### [WORK ITEM]
Copy out lines with the word "None" from the material that follows.
"""
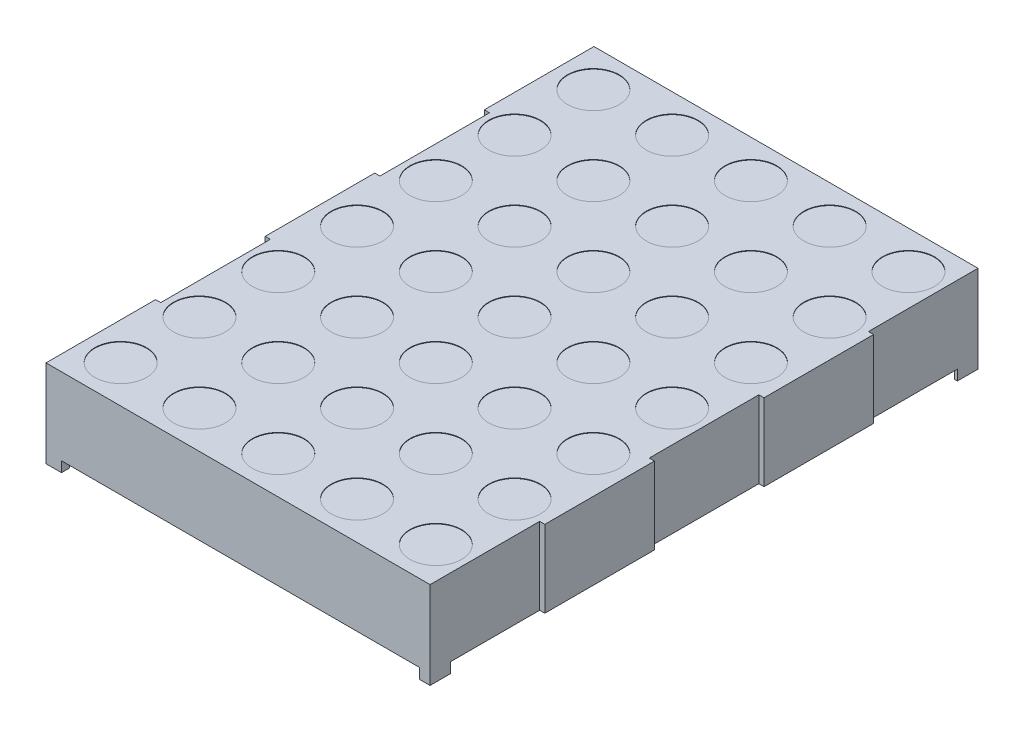
from build123d import *

# Parameters (mm, degrees)
EXTRUDE1_DEPTH     = 18.825
SKETCH3_W          = 34.65
SKETCH3_H          = 1
CUT_EXTRUDE1_DEPTH = 54
SKETCH2_R          = 2.5
CUT_EXTRUDE2_DEPTH = 0.05
SKETCH4_R          = 0.25
EXTRUDE2_DEPTH     = 1
SKETCH4_3_R        = 0.25
EXTRUDE3_DEPTH     = 4
SKETCH4_4_W        = 0.75
SKETCH4_4_H        = 1.25
CUT_EXTRUDE3_DEPTH = 1
SKETCH2_4_W        = 0.5
SKETCH2_4_H        = 10.6
CUT_EXTRUDE5_DEPTH = 13.45
SKETCH5_W          = 0.025316456
SKETCH5_H          = 0.026582278
CUT_EXTRUDE6_DEPTH = 0.01


with BuildPart() as part:
    # Sketch1 → Extrude1 (new body, symmetric)
    with BuildSketch(Plane(origin=(0, 0, 0), x_dir=(0, 0, -1), z_dir=(1, 0, 0))):
        Polygon((26.5, 4.225), (-26.5, 4.225), (20.227810651, -3.225), (24.5, -3.225), (24.5, -3.906132075), (26.5, -4.225), align=None)
        Polygon((20.227810651, -3.225), (-26.5, 4.225), (-26.5, -4.225), (-24.5, -4.225), (-24.5, -3.225), align=None)
        Polygon((26.5, -4.225), (24.5, -3.906132075), (24.5, -4.225), align=None)
    extrude(amount=EXTRUDE1_DEPTH, both=True)

    # Sketch3 → Cut-Extrude1 (cut, through all)
    with BuildSketch(Plane.XY.offset(26.5)):
        with Locations((0, -3.725)):
            Rectangle(SKETCH3_W, SKETCH3_H)
    extrude(amount=-CUT_EXTRUDE1_DEPTH, mode=Mode.SUBTRACT)

    # Sketch2 → Cut-Extrude2 (cut)
    with BuildSketch(Plane(origin=(0, 4.225, 0), x_dir=(-1, 0, 0), z_dir=(0, 1, 0))):
        with Locations(Location((15.24, -22.86, 0), (0, 0, 90))):  # turned: the seam where the file's is
            Circle(SKETCH2_R)
        with Locations(Location((7.62, -22.86, 0), (0, 0, 90))):  # turned: the seam where the file's is
            Circle(SKETCH2_R)
        with Locations(Location((0, -22.86, 0), (0, 0, 90))):  # turned: the seam where the file's is
            Circle(SKETCH2_R)
        with Locations(Location((-7.62, -22.86, 0), (0, 0, 90))):  # turned: the seam where the file's is
            Circle(SKETCH2_R)
        with Locations(Location((-15.24, -22.86, 0), (0, 0, 90))):  # turned: the seam where the file's is
            Circle(SKETCH2_R)
        with Locations(Location((-15.24, -15.24, 0), (0, 0, 90))):  # turned: the seam where the file's is
            Circle(SKETCH2_R)
        with Locations(Location((-7.62, -15.24, 0), (0, 0, 90))):  # turned: the seam where the file's is
            Circle(SKETCH2_R)
        with Locations(Location((0, -15.24, 0), (0, 0, 90))):  # turned: the seam where the file's is
            Circle(SKETCH2_R)
        with Locations(Location((7.62, -15.24, 0), (0, 0, 90))):  # turned: the seam where the file's is
            Circle(SKETCH2_R)
        with Locations(Location((15.24, -15.24, 0), (0, 0, 90))):  # turned: the seam where the file's is
            Circle(SKETCH2_R)
        with Locations(Location((15.24, -7.62, 0), (0, 0, 90))):  # turned: the seam where the file's is
            Circle(SKETCH2_R)
        with Locations(Location((7.62, -7.62, 0), (0, 0, 90))):  # turned: the seam where the file's is
            Circle(SKETCH2_R)
        with Locations(Location((0, -7.62, 0), (0, 0, 90))):  # turned: the seam where the file's is
            Circle(SKETCH2_R)
        with Locations(Location((-7.62, -7.62, 0), (0, 0, 90))):  # turned: the seam where the file's is
            Circle(SKETCH2_R)
        with Locations(Location((-15.24, -7.62, 0), (0, 0, 90))):  # turned: the seam where the file's is
            Circle(SKETCH2_R)
        with Locations(Location((-15.24, 0, 0), (0, 0, 90))):  # turned: the seam where the file's is
            Circle(SKETCH2_R)
        with Locations(Location((-7.62, 0, 0), (0, 0, 90))):  # turned: the seam where the file's is
            Circle(SKETCH2_R)
        with Locations(Location((0, 0, 0), (0, 0, 90))):  # turned: the seam where the file's is
            Circle(SKETCH2_R)
        with Locations(Location((7.62, 0, 0), (0, 0, 90))):  # turned: the seam where the file's is
            Circle(SKETCH2_R)
        with Locations(Location((15.24, 0, 0), (0, 0, 90))):  # turned: the seam where the file's is
            Circle(SKETCH2_R)
        with Locations(Location((15.24, 7.62, 0), (0, 0, 90))):  # turned: the seam where the file's is
            Circle(SKETCH2_R)
        with Locations(Location((7.62, 7.62, 0), (0, 0, 90))):  # turned: the seam where the file's is
            Circle(SKETCH2_R)
        with Locations(Location((0, 7.62, 0), (0, 0, 90))):  # turned: the seam where the file's is
            Circle(SKETCH2_R)
        with Locations(Location((-7.62, 7.62, 0), (0, 0, 90))):  # turned: the seam where the file's is
            Circle(SKETCH2_R)
        with Locations(Location((-15.24, 7.62, 0), (0, 0, 90))):  # turned: the seam where the file's is
            Circle(SKETCH2_R)
        with Locations(Location((-15.24, 15.24, 0), (0, 0, 90))):  # turned: the seam where the file's is
            Circle(SKETCH2_R)
        with Locations(Location((-7.62, 15.24, 0), (0, 0, 90))):  # turned: the seam where the file's is
            Circle(SKETCH2_R)
        with Locations(Location((0, 15.24, 0), (0, 0, 90))):  # turned: the seam where the file's is
            Circle(SKETCH2_R)
        with Locations(Location((7.62, 15.24, 0), (0, 0, 90))):  # turned: the seam where the file's is
            Circle(SKETCH2_R)
        with Locations(Location((15.24, 15.24, 0), (0, 0, 90))):  # turned: the seam where the file's is
            Circle(SKETCH2_R)
        with Locations(Location((15.24, 22.86, 0), (0, 0, 90))):  # turned: the seam where the file's is
            Circle(SKETCH2_R)
        with Locations(Location((7.62, 22.86, 0), (0, 0, 90))):  # turned: the seam where the file's is
            Circle(SKETCH2_R)
        with Locations(Location((0, 22.86, 0), (0, 0, 90))):  # turned: the seam where the file's is
            Circle(SKETCH2_R)
        with Locations(Location((-7.62, 22.86, 0), (0, 0, 90))):  # turned: the seam where the file's is
            Circle(SKETCH2_R)
        with Locations(Location((-15.24, 22.86, 0), (0, 0, 90))):  # turned: the seam where the file's is
            Circle(SKETCH2_R)
    extrude(amount=-CUT_EXTRUDE2_DEPTH, mode=Mode.SUBTRACT)

    # Sketch4 → Extrude2 (add)
    with BuildSketch(Plane.XZ.offset(4.225)):
        with Locations((-7.62, 19.05)):
            Circle(SKETCH4_R)
        with Locations(Location((-5.08, 19.05, 0), (0, 0, 270))):  # turned: the seam where the file's is
            Circle(SKETCH4_R)
        with Locations(Location((-2.54, 19.05, 0), (0, 0, 270))):  # turned: the seam where the file's is
            Circle(SKETCH4_R)
        with Locations(Location((7.62, 19.05, 0), (0, 0, 270))):  # turned: the seam where the file's is
            Circle(SKETCH4_R)
        with Locations(Location((0, 19.05, 0), (0, 0, 270))):  # turned: the seam where the file's is
            Circle(SKETCH4_R)
        with Locations(Location((2.54, 19.05, 0), (0, 0, 270))):  # turned: the seam where the file's is
            Circle(SKETCH4_R)
        with Locations(Location((5.08, 19.05, 0), (0, 0, 270))):  # turned: the seam where the file's is
            Circle(SKETCH4_R)
        with Locations(Location((5.08, -19.05, 0), (0, 0, 270))):  # turned: the seam where the file's is
            Circle(SKETCH4_R)
        with Locations(Location((2.54, -19.05, 0), (0, 0, 270))):  # turned: the seam where the file's is
            Circle(SKETCH4_R)
        with Locations(Location((0, -19.05, 0), (0, 0, 270))):  # turned: the seam where the file's is
            Circle(SKETCH4_R)
        with Locations(Location((7.62, -19.05, 0), (0, 0, 270))):  # turned: the seam where the file's is
            Circle(SKETCH4_R)
        with Locations(Location((-2.54, -19.05, 0), (0, 0, 270))):  # turned: the seam where the file's is
            Circle(SKETCH4_R)
        with Locations(Location((-5.08, -19.05, 0), (0, 0, 270))):  # turned: the seam where the file's is
            Circle(SKETCH4_R)
        with Locations(Location((-7.62, -19.05, 0), (0, 0, 270))):  # turned: the seam where the file's is
            Circle(SKETCH4_R)
    extrude(amount=-EXTRUDE2_DEPTH)

    # Sketch4_3 → Extrude3 (add)
    with BuildSketch(Plane.XZ.offset(4.225)):
        with Locations((-7.62, 19.05)):
            Circle(SKETCH4_3_R)
        with Locations((-5.08, 19.05)):
            Circle(SKETCH4_3_R)
        with Locations((-2.54, 19.05)):
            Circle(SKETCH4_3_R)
"""
### [FINAL ANSWER]
        Polygon((26.5, 4.225), (-26.5, 4.225), (20.227810651, -3.225), (24.5, -3.225), (24.5, -3.906132075), (26.5, -4.225), align=None)
        Polygon((20.227810651, -3.225), (-26.5, 4.225), (-26.5, -4.225), (-24.5, -4.225), (-24.5, -3.225), align=None)
        Polygon((26.5, -4.225), (24.5, -3.906132075), (24.5, -4.225), align=None)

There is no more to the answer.